START Recorded data

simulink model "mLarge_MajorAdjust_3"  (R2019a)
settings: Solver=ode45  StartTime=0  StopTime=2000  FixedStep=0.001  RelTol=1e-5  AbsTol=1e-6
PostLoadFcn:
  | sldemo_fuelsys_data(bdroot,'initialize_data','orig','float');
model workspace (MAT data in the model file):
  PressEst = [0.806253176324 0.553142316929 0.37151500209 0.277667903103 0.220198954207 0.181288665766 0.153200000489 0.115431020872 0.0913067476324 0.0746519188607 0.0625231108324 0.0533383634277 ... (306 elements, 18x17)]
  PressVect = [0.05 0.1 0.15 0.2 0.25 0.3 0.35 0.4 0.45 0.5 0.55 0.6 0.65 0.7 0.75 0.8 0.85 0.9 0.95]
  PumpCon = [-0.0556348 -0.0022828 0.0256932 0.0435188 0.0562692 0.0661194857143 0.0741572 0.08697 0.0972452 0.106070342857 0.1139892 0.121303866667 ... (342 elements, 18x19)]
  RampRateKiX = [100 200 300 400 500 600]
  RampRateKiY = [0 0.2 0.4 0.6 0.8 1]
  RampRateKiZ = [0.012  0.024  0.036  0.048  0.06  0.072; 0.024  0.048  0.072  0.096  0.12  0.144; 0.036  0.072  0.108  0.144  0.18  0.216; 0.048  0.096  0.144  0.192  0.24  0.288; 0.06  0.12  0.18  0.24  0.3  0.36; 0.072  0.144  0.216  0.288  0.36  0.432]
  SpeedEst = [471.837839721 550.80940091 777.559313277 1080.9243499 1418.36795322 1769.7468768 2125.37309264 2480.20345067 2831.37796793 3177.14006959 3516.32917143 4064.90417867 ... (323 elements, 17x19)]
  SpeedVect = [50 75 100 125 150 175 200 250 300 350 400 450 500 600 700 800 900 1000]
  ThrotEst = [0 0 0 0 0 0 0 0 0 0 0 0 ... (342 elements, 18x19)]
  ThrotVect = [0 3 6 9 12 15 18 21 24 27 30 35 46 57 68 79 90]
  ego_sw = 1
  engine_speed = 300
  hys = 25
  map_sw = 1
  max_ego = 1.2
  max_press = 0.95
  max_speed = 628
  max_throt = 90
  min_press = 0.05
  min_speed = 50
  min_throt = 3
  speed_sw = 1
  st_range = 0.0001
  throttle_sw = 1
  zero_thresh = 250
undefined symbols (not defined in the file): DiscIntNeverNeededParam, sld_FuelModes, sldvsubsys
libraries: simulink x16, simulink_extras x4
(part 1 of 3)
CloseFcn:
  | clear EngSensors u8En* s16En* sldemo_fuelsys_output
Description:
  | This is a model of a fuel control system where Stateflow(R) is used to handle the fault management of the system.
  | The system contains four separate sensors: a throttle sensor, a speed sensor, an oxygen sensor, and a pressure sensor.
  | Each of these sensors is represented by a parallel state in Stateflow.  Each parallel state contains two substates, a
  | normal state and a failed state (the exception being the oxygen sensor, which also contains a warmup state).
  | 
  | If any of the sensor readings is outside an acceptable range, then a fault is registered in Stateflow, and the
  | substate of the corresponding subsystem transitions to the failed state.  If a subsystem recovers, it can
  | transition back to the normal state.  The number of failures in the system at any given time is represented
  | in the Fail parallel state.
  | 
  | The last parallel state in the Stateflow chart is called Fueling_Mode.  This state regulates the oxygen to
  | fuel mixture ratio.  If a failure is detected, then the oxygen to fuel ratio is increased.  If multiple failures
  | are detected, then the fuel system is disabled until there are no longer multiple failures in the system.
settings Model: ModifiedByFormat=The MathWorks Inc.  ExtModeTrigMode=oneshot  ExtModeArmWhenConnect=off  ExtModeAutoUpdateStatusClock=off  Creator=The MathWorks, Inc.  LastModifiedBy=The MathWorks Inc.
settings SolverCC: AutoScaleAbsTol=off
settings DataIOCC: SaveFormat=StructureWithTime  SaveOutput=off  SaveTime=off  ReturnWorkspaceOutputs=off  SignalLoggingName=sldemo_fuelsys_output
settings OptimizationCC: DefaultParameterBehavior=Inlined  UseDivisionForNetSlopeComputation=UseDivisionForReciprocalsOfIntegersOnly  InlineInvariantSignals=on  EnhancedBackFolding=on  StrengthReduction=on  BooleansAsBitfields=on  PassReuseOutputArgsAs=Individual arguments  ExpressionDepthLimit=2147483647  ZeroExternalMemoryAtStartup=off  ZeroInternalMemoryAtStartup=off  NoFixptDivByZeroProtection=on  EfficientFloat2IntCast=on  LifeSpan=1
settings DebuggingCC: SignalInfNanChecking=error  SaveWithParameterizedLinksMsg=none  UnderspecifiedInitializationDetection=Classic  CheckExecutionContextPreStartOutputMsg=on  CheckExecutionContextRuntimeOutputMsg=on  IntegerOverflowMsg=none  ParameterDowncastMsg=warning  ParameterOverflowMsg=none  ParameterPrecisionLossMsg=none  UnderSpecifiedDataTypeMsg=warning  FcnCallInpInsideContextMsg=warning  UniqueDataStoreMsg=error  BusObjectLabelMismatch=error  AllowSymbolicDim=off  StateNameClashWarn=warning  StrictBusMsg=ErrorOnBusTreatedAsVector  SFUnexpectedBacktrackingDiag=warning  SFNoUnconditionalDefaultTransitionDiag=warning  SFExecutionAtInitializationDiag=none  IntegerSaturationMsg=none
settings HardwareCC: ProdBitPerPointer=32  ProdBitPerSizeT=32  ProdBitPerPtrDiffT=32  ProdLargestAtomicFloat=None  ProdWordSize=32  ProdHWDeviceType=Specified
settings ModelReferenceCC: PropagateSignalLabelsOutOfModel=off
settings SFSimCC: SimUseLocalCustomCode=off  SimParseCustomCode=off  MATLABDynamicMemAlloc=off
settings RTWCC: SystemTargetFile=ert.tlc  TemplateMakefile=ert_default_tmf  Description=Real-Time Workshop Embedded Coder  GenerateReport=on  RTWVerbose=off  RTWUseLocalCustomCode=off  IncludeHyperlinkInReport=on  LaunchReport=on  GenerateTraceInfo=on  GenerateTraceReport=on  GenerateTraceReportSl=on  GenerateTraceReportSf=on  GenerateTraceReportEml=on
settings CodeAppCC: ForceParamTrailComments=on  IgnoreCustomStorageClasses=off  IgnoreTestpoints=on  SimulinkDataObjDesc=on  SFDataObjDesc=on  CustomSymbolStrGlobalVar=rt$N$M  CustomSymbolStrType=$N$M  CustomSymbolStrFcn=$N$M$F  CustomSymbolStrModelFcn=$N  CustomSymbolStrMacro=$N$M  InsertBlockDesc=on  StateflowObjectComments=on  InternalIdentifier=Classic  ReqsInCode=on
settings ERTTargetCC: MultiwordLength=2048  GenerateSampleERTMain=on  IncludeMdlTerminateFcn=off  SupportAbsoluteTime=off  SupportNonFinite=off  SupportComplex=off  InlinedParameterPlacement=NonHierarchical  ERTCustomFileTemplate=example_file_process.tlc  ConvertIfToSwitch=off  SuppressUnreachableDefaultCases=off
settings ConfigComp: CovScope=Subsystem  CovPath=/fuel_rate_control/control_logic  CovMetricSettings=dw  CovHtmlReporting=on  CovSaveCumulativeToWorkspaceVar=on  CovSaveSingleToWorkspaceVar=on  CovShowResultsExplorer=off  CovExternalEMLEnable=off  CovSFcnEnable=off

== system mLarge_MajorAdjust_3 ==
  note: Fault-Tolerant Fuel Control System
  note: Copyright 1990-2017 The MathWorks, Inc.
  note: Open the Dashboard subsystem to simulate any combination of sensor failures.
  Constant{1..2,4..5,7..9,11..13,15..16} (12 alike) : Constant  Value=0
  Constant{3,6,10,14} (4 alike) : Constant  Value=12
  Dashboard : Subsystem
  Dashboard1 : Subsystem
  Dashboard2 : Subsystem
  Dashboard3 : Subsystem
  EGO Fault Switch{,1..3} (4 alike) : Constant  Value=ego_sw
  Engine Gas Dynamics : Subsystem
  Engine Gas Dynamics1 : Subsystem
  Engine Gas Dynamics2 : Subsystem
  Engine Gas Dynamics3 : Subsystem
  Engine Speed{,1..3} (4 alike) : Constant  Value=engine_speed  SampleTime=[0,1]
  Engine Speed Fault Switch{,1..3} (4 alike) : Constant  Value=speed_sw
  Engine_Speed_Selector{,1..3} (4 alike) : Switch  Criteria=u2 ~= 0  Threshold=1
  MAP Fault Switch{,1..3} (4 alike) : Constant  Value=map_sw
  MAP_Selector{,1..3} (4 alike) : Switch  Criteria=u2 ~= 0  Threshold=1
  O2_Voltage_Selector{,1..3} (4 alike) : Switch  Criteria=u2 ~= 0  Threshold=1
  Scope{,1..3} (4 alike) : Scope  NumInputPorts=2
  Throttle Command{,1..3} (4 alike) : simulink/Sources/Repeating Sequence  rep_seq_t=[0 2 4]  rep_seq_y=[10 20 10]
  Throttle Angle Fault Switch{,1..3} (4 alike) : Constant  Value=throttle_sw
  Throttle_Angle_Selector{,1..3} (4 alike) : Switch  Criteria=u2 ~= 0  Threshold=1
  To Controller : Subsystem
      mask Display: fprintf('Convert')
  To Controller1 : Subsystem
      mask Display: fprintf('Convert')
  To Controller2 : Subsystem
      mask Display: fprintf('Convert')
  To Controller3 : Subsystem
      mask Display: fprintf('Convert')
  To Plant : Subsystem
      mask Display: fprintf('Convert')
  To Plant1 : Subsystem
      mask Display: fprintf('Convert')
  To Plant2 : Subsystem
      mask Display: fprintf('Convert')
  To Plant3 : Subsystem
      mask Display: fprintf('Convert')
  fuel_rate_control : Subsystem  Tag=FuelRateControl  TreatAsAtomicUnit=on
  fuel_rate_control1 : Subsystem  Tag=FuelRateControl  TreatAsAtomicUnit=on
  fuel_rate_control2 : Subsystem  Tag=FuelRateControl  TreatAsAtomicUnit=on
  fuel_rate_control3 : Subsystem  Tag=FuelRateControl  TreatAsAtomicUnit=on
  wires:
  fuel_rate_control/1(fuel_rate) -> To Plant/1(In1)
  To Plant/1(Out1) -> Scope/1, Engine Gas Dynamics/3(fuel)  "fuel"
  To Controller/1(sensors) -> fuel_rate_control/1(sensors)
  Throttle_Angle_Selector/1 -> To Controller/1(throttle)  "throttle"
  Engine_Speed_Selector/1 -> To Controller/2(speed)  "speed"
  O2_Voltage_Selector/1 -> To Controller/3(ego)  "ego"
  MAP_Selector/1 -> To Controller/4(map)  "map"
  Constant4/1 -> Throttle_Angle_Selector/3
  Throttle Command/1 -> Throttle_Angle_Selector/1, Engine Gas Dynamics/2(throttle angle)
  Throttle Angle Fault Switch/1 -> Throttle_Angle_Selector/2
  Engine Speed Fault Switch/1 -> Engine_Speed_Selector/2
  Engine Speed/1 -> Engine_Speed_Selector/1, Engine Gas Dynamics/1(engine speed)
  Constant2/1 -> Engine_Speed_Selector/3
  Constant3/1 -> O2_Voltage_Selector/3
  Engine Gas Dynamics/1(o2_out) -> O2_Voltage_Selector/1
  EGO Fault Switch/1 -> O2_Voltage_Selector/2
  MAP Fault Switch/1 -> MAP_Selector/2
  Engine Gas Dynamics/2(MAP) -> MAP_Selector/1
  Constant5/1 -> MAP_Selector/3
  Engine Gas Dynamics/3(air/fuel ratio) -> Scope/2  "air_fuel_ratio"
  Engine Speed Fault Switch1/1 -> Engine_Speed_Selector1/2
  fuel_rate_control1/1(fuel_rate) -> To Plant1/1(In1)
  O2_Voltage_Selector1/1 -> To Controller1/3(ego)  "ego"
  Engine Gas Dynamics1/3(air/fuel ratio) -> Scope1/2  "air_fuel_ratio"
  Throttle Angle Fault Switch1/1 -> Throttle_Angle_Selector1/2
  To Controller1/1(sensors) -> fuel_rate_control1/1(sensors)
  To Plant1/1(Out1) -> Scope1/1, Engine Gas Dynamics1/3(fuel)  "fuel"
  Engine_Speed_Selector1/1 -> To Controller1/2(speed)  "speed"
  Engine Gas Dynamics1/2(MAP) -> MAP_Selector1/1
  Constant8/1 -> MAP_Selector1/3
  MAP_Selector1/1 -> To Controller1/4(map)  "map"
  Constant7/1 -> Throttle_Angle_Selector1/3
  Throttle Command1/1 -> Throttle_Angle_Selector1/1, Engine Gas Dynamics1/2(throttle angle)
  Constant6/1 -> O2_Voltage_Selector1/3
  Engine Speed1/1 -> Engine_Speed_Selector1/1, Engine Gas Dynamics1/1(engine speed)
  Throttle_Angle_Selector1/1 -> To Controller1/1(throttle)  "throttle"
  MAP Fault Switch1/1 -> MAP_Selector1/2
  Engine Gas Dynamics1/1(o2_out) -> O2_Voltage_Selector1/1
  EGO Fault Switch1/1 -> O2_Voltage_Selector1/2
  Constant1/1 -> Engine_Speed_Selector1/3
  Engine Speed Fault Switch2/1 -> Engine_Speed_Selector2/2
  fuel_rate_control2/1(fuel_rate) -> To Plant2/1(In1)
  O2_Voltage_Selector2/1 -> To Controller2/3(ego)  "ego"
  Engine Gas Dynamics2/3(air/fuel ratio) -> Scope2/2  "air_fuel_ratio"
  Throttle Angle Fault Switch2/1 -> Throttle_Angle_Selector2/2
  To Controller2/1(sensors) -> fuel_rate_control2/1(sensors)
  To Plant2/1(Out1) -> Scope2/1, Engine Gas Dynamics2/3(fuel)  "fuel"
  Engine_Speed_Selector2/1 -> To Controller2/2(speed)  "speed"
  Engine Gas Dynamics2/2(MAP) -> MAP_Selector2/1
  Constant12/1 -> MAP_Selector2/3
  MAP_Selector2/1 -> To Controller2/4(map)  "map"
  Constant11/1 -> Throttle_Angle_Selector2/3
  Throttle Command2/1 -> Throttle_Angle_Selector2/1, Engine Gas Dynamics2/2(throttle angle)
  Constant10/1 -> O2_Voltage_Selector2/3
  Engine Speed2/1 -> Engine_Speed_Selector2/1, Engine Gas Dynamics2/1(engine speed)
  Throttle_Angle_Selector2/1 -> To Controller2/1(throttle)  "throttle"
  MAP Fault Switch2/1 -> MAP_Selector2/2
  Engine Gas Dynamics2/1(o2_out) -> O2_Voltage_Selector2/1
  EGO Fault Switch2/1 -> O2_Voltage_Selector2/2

END Recorded data

=== Your instructions ===
Only the lines from the opening of the material through the line with "SpeedVect = [50" should be echoed, exactly as written.

=== Solution below ===
simulink model "mLarge_MajorAdjust_3"  (R2019a)
settings: Solver=ode45  StartTime=0  StopTime=2000  FixedStep=0.001  RelTol=1e-5  AbsTol=1e-6
PostLoadFcn:
  | sldemo_fuelsys_data(bdroot,'initialize_data','orig','float');
model workspace (MAT data in the model file):
  PressEst = [0.806253176324 0.553142316929 0.37151500209 0.277667903103 0.220198954207 0.181288665766 0.153200000489 0.115431020872 0.0913067476324 0.0746519188607 0.0625231108324 0.0533383634277 ... (306 elements, 18x17)]
  PressVect = [0.05 0.1 0.15 0.2 0.25 0.3 0.35 0.4 0.45 0.5 0.55 0.6 0.65 0.7 0.75 0.8 0.85 0.9 0.95]
  PumpCon = [-0.0556348 -0.0022828 0.0256932 0.0435188 0.0562692 0.0661194857143 0.0741572 0.08697 0.0972452 0.106070342857 0.1139892 0.121303866667 ... (342 elements, 18x19)]
  RampRateKiX = [100 200 300 400 500 600]
  RampRateKiY = [0 0.2 0.4 0.6 0.8 1]
  RampRateKiZ = [0.012  0.024  0.036  0.048  0.06  0.072; 0.024  0.048  0.072  0.096  0.12  0.144; 0.036  0.072  0.108  0.144  0.18  0.216; 0.048  0.096  0.144  0.192  0.24  0.288; 0.06  0.12  0.18  0.24  0.3  0.36; 0.072  0.144  0.216  0.288  0.36  0.432]
  SpeedEst = [471.837839721 550.80940091 777.559313277 1080.9243499 1418.36795322 1769.7468768 2125.37309264 2480.20345067 2831.37796793 3177.14006959 3516.32917143 4064.90417867 ... (323 elements, 17x19)]
  SpeedVect = [50 75 100 125 150 175 200 250 300 350 400 450 500 600 700 800 900 1000]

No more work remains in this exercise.